I'm not flirtatious. When I'm in a good mood some people can mistake happiness/jokes for flirting. I'm learning to be more careful and tone it down a bit.

Usually those who are most suspicious are people who don't know me well--friends of friends or colleagues for example.


----------



## TheProcrastinatingMaster (Jun 4, 2012)

Yes I am suspicious of them, but to be fair to the nice people out there, I'm suspicious of anyone who speaks to me if I don't already know them. I'm pretty paranoid, at least in the paranoia department I think I'd do pretty well in 1930's Soviet Union


----------



## Kysinor (Mar 19, 2009)

Number Six said:


> I am not talking about helping people, I'm talking about being nice. But on the subject - you wanted distraction; helping people in a virtual world just happens to be congruent with that desire.


I did? I didn't for a moment consciously thought I wanted distraction when I did said actions...


----------



## Number Six (Mar 4, 2013)

Kysinor said:


> I did? I didn't for a moment consciously thought I wanted distraction when I did said actions...


Don't worry, most people are never consciously aware of it.


----------



## Kysinor (Mar 19, 2009)

Number Six said:


> Don't worry, most people are never consciously aware of it.


 I for sure am conscious if I need something, thank you very much...


----------



## Number Six (Mar 4, 2013)

Kysinor said:


> I for sure am conscious if I need something, thank you very much...


There's a difference between desire and need. You need water and sleep. You do not need to sit in front of a computer helping people achieve nothing for no reason.


----------



## Kysinor (Mar 19, 2009)

Number Six said:


> There's a difference between desire and need. You need water and sleep. *You do not need to sit in front of a computer helping people achieve nothing for no reason.*


 I am still conscious of both my desires and my needs...


----------



## Number Six (Mar 4, 2013)

Kysinor said:


> Yes as a matter of fact I do. I am still conscious of both my desires and my needs.


I can't understand what you're trying to explain. Are you saying you are obligated against your will to play video games? Clearly you're not conscious of your desires OR your needs if that is what you're saying.


----------



## Kysinor (Mar 19, 2009)

Number Six said:


> I can't understand what you're trying to explain. Are you saying you are obligated against your will to play video games? Clearly you're not conscious of your desires OR your needs if that is what you're saying.
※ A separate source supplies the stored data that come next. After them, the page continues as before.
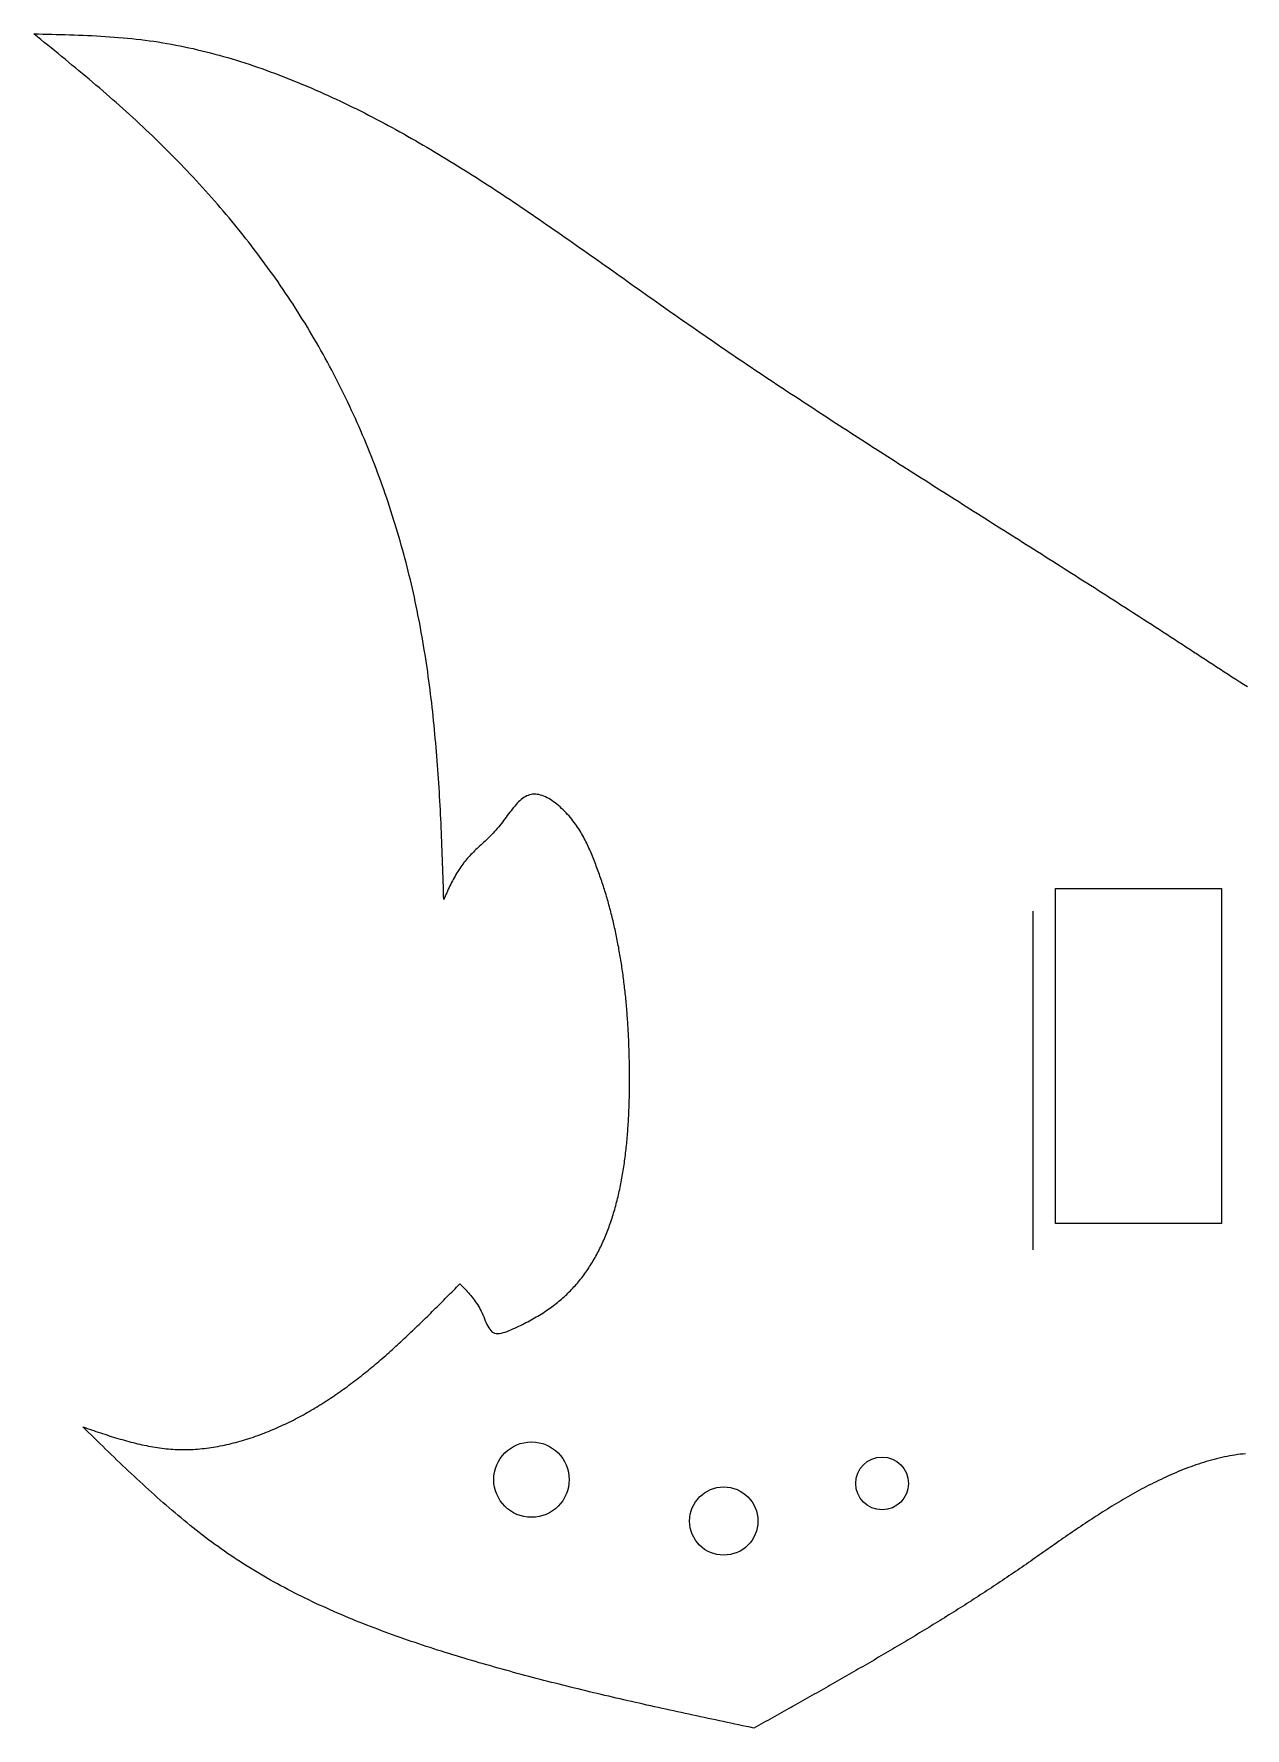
# Model space of a CAD drawing. Extents: x 19 to 405, y 18 to 182.
# Drawn here: x 18.6 to 136.4, y 17.5 to 182.4 of the extents above; entities that cross this region are included whole.
import ezdxf

# ---------------------------------------------------------------- set-up
doc = ezdxf.new("R2010")
doc.units = 0
doc.layers.get('0').update_dxf_attribs({"linetype": 'CONTINUOUS'})

msp = doc.modelspace()

# ---------------------------------------------------------------- linework, layer by layer
msp.add_line((115.8001, 97.0303), (115.8001, 64.063))
msp.add_lwpolyline([(134.1326, 66.6271), (118, 66.6271), (118, 99.2281), (134.1326, 99.2281)], close=True)
for points in [[(18.6379, 182.379, 0), (19.0725, 182.37, 0), (19.5072, 182.361, 0), (19.9418, 182.351, 0), (20.3763, 182.341, 0), (20.8107, 182.331, 0), (21.2451, 182.319, 0), (21.6794, 182.307, 0), (22.1135, 182.294, 0), (22.5475, 182.28, 0), (22.9813, 182.264, 0), (23.4149, 182.247, 0), (23.8483, 182.228, 0), (24.2815, 182.207, 0), (24.7144, 182.185, 0), (25.1471, 182.161, 0), (25.5795, 182.134, 0), (26.0115, 182.105, 0), (26.4433, 182.074, 0), (26.8748, 182.04, 0), (27.3058, 182.003, 0), (27.7365, 181.963, 0), (28.1668, 181.92, 0), (28.5967, 181.874, 0), (29.0262, 181.825, 0), (29.4552, 181.772, 0), (29.8837, 181.715, 0), (30.3118, 181.655, 0), (30.7393, 181.591, 0), (31.1663, 181.523, 0), (31.5928, 181.451, 0), (32.0187, 181.375, 0), (32.4441, 181.296, 0), (32.8689, 181.212, 0), (33.2931, 181.125, 0), (33.7167, 181.035, 0), (34.1397, 180.941, 0), (34.562, 180.843, 0), (34.9837, 180.742, 0), (35.4047, 180.638, 0), (35.8251, 180.53, 0), (36.2447, 180.42, 0), (36.6637, 180.305, 0), (37.082, 180.188, 0), (37.4995, 180.068, 0), (37.9162, 179.944, 0), (38.3323, 179.818, 0), (38.7475, 179.688, 0), (39.162, 179.556, 0), (39.5756, 179.421, 0), (39.9885, 179.283, 0), (40.4005, 179.142, 0), (40.8117, 178.998, 0), (41.222, 178.852, 0), (41.6314, 178.703, 0), (42.04, 178.552, 0), (42.4477, 178.399, 0), (42.8544, 178.242, 0), (43.2603, 178.084, 0), (43.6652, 177.923, 0), (44.0691, 177.76, 0), (44.4721, 177.595, 0), (44.8741, 177.427, 0), (45.2751, 177.257, 0), (45.6751, 177.086, 0), (46.074, 176.912, 0), (46.472, 176.736, 0), (46.8689, 176.559, 0), (47.2648, 176.379, 0), (47.6597, 176.198, 0), (48.0536, 176.015, 0), (48.4465, 175.83, 0), (48.8385, 175.643, 0), (49.2295, 175.455, 0), (49.6195, 175.264, 0), (50.0086, 175.072, 0), (50.3968, 174.878, 0), (50.7841, 174.683, 0), (51.1705, 174.486, 0), (51.5561, 174.287, 0), (51.9407, 174.087, 0), (52.3245, 173.885, 0), (52.7074, 173.681, 0), (53.0895, 173.476, 0), (53.4708, 173.27, 0), (53.8513, 173.062, 0), (54.2309, 172.853, 0), (54.6098, 172.642, 0), (54.9879, 172.43, 0), (55.3653, 172.216, 0), (55.7418, 172.001, 0), (56.1177, 171.785, 0), (56.4928, 171.567, 0), (56.8672, 171.348, 0), (57.2409, 171.128, 0), (57.6139, 170.907, 0), (57.9863, 170.684, 0), (58.3579, 170.46, 0), (58.7289, 170.235, 0), (59.0993, 170.009, 0), (59.469, 169.782, 0), (59.8382, 169.554, 0), (60.2067, 169.325, 0), (60.5746, 169.094, 0), (60.9419, 168.863, 0), (61.3087, 168.631, 0), (61.6749, 168.397, 0), (62.0405, 168.163, 0), (62.4056, 167.928, 0), (62.7702, 167.692, 0), (63.1343, 167.455, 0), (63.4979, 167.218, 0), (63.861, 166.979, 0), (64.2236, 166.74, 0), (64.5858, 166.5, 0), (64.9475, 166.259, 0), (65.3087, 166.017, 0), (65.6696, 165.775, 0), (66.03, 165.532, 0), (66.39, 165.289, 0), (66.7497, 165.045, 0), (67.1089, 164.8, 0), (67.4678, 164.555, 0), (67.8263, 164.309, 0), (68.1845, 164.063, 0), (68.5424, 163.816, 0), (68.8999, 163.569, 0), (69.2571, 163.321, 0), (69.6141, 163.073, 0), (69.9707, 162.825, 0), (70.3271, 162.576, 0), (70.6832, 162.327, 0), (71.0391, 162.077, 0), (71.3947, 161.827, 0), (71.7501, 161.577, 0), (72.1053, 161.327, 0), (72.4603, 161.076, 0), (72.8152, 160.826, 0), (73.1698, 160.575, 0), (73.5243, 160.324, 0), (73.8786, 160.073, 0), (74.2328, 159.822, 0), (74.5869, 159.57, 0), (74.9408, 159.319, 0), (75.2947, 159.068, 0), (75.6484, 158.816, 0), (76.0021, 158.565, 0), (76.3557, 158.314, 0), (76.7093, 158.063, 0), (77.0628, 157.812, 0), (77.4163, 157.561, 0), (77.7697, 157.31, 0), (78.1232, 157.059, 0), (78.4766, 156.809, 0), (78.8301, 156.559, 0), (79.1836, 156.309, 0), (79.5372, 156.059, 0), (79.8908, 155.81, 0), (80.2445, 155.561, 0), (80.5982, 155.313, 0), (80.952, 155.064, 0), (81.306, 154.817, 0), (81.66, 154.569, 0), (82.0142, 154.322, 0), (82.3685, 154.076, 0), (82.7229, 153.83, 0), (83.0775, 153.584, 0), (83.4322, 153.339, 0), (83.787, 153.094, 0), (84.1419, 152.85, 0), (84.497, 152.606, 0), (84.8522, 152.362, 0), (85.2075, 152.119, 0), (85.5629, 151.876, 0), (85.9185, 151.634, 0), (86.2742, 151.392, 0), (86.6301, 151.151, 0), (86.986, 150.909, 0), (87.3421, 150.669, 0), (87.6983, 150.428, 0), (88.0547, 150.188, 0), (88.4112, 149.948, 0), (88.7678, 149.709, 0), (89.1245, 149.47, 0), (89.4814, 149.231, 0), (89.8384, 148.992, 0), (90.1955, 148.754, 0), (90.5528, 148.516, 0), (90.9102, 148.279, 0), (91.2677, 148.041, 0), (91.6254, 147.804, 0), (91.9831, 147.568, 0), (92.3411, 147.331, 0), (92.6991, 147.095, 0), (93.0573, 146.859, 0), (93.4156, 146.623, 0), (93.774, 146.388, 0), (94.1326, 146.153, 0), (94.4913, 145.918, 0), (94.8502, 145.683, 0), (95.2091, 145.449, 0), (95.5682, 145.214, 0), (95.9275, 144.98, 0), (96.2868, 144.746, 0), (96.6463, 144.513, 0), (97.006, 144.279, 0), (97.3657, 144.046, 0), (97.7256, 143.813, 0), (98.0857, 143.58, 0), (98.4458, 143.347, 0), (98.8061, 143.114, 0), (99.1666, 142.882, 0), (99.5271, 142.65, 0), (99.8878, 142.417, 0), (100.249, 142.185, 0), (100.61, 141.953, 0), (100.971, 141.722, 0), (101.332, 141.49, 0), (101.693, 141.258, 0), (102.055, 141.027, 0), (102.417, 140.795, 0), (102.778, 140.564, 0), (103.14, 140.333, 0), (103.502, 140.102, 0), (103.864, 139.871, 0), (104.227, 139.64, 0), (104.589, 139.409, 0), (104.952, 139.178, 0), (105.315, 138.947, 0), (105.677, 138.716, 0), (106.04, 138.485, 0), (106.404, 138.254, 0), (106.767, 138.024, 0), (107.13, 137.793, 0), (107.494, 137.562, 0), (107.858, 137.331, 0), (108.221, 137.101, 0), (108.585, 136.87, 0), (108.949, 136.639, 0), (109.314, 136.408, 0), (109.678, 136.178, 0), (110.043, 135.947, 0), (110.407, 135.716, 0), (110.772, 135.485, 0), (111.137, 135.254, 0), (111.502, 135.023, 0), (111.867, 134.791, 0), (112.233, 134.56, 0), (112.598, 134.329, 0), (112.964, 134.097, 0), (113.33, 133.866, 0), (113.695, 133.634, 0), (114.062, 133.403, 0), (114.428, 133.171, 0), (114.794, 132.939, 0), (115.161, 132.707, 0), (115.527, 132.474, 0), (115.894, 132.242, 0), (116.261, 132.01, 0), (116.628, 131.777, 0), (116.995, 131.544, 0), (117.362, 131.311, 0), (117.73, 131.078, 0), (118.097, 130.844, 0), (118.465, 130.611, 0), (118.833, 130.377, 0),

 Forget my first sentence. I just said something out of my mind. Anyway... Sitting in front of a computer helping people was not one of my conscious needs that time...


----------



## Number Six (Mar 4, 2013)

Kysinor said:


> Forget my first sentence. I just said something out of my mind. Anyway... Sitting in front of a computer helping people was not one of my conscious needs that time...


Of course not. That's my point. You were there to be distracted - you had nothing better to do. Helping people was a byproduct of your own indulgence. That doesn't mean it isn't appreciated etc. But you said you did it for nothing, which is not true. You were, at the very least, bored - which is the main reason anyone does anything.


----------



## Kysinor (Mar 19, 2009)

Number Six said:


> Of course not. That's my point. You were there to be distracted - you had nothing better to do. Helping people was a byproduct of your own indulgence. That doesn't mean it isn't appreciated etc. But you said you did it for nothing, which is not true. You were, at the very least, bored - which is the main reason anyone does anything.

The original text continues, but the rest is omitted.